WHAT THIS TASK INVOLVES: Print the records below exactly, starting at the first line and stopping after the line that contains "K1/A1 : Gain". Leave out any pictures.

/---

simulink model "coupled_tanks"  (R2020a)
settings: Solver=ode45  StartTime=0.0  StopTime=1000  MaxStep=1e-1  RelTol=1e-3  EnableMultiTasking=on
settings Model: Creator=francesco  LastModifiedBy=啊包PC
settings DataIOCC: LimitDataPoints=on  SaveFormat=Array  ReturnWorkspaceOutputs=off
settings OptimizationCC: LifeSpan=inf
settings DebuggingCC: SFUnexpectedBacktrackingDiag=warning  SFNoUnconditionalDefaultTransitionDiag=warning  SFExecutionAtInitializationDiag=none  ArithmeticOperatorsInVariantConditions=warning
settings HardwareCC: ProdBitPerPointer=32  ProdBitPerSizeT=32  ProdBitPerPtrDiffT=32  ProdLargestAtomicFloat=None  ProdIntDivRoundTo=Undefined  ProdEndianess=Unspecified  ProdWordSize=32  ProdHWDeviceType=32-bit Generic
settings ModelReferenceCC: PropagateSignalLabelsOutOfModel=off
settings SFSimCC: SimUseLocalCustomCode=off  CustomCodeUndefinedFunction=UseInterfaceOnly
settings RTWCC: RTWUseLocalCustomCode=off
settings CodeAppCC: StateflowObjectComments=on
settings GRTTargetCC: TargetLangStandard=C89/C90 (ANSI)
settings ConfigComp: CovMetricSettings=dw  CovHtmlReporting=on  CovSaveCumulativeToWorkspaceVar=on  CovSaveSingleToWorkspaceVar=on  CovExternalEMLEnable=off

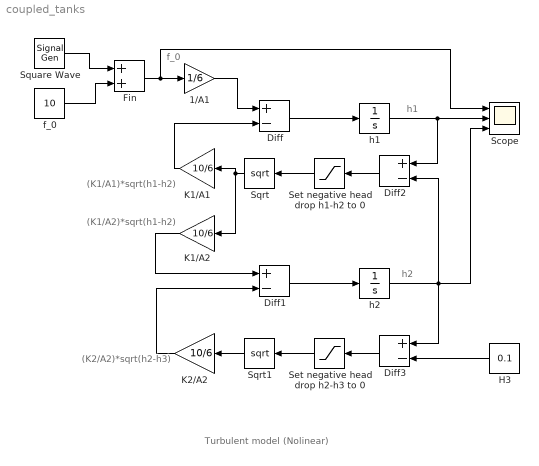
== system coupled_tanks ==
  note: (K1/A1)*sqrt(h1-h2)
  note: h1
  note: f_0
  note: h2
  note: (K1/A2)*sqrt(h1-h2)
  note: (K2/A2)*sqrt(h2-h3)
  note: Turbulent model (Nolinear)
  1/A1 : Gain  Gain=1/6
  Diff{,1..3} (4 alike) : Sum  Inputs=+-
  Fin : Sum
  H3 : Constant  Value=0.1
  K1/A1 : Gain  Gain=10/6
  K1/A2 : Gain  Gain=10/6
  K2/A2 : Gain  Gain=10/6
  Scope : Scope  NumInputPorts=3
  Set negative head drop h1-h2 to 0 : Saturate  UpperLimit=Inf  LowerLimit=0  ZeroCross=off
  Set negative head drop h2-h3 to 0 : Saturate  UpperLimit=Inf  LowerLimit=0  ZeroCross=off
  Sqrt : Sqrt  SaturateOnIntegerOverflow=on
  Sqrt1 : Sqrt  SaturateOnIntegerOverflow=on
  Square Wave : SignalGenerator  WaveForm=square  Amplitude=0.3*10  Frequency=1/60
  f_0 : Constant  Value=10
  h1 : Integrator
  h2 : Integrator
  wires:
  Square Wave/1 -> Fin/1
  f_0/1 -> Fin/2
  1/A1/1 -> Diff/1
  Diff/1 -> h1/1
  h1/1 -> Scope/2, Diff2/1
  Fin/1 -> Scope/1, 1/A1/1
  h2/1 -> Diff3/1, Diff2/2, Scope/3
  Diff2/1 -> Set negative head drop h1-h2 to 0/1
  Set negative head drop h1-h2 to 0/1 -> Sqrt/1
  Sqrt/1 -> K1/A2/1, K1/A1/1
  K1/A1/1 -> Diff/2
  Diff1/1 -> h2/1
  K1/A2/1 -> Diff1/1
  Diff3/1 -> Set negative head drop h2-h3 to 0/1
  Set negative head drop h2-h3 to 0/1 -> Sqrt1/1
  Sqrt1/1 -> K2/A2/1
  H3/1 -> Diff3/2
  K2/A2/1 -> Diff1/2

\---

YOUR SOLUTION:
simulink model "coupled_tanks"  (R2020a)
settings: Solver=ode45  StartTime=0.0  StopTime=1000  MaxStep=1e-1  RelTol=1e-3  EnableMultiTasking=on
settings Model: Creator=francesco  LastModifiedBy=啊包PC
settings DataIOCC: LimitDataPoints=on  SaveFormat=Array  ReturnWorkspaceOutputs=off
settings OptimizationCC: LifeSpan=inf
settings DebuggingCC: SFUnexpectedBacktrackingDiag=warning  SFNoUnconditionalDefaultTransitionDiag=warning  SFExecutionAtInitializationDiag=none  ArithmeticOperatorsInVariantConditions=warning
settings HardwareCC: ProdBitPerPointer=32  ProdBitPerSizeT=32  ProdBitPerPtrDiffT=32  ProdLargestAtomicFloat=None  ProdIntDivRoundTo=Undefined  ProdEndianess=Unspecified  ProdWordSize=32  ProdHWDeviceType=32-bit Generic
settings ModelReferenceCC: PropagateSignalLabelsOutOfModel=off
settings SFSimCC: SimUseLocalCustomCode=off  CustomCodeUndefinedFunction=UseInterfaceOnly
settings RTWCC: RTWUseLocalCustomCode=off
settings CodeAppCC: StateflowObjectComments=on
settings GRTTargetCC: TargetLangStandard=C89/C90 (ANSI)
settings ConfigComp: CovMetricSettings=dw  CovHtmlReporting=on  CovSaveCumulativeToWorkspaceVar=on  CovSaveSingleToWorkspaceVar=on  CovExternalEMLEnable=off

== system coupled_tanks ==
  note: (K1/A1)*sqrt(h1-h2)
  note: h1
  note: f_0
  note: h2
  note: (K1/A2)*sqrt(h1-h2)
  note: (K2/A2)*sqrt(h2-h3)
  note: Turbulent model (Nolinear)
  1/A1 : Gain  Gain=1/6
  Diff{,1..3} (4 alike) : Sum  Inputs=+-
  Fin : Sum
  H3 : Constant  Value=0.1
  K1/A1 : Gain  Gain=10/6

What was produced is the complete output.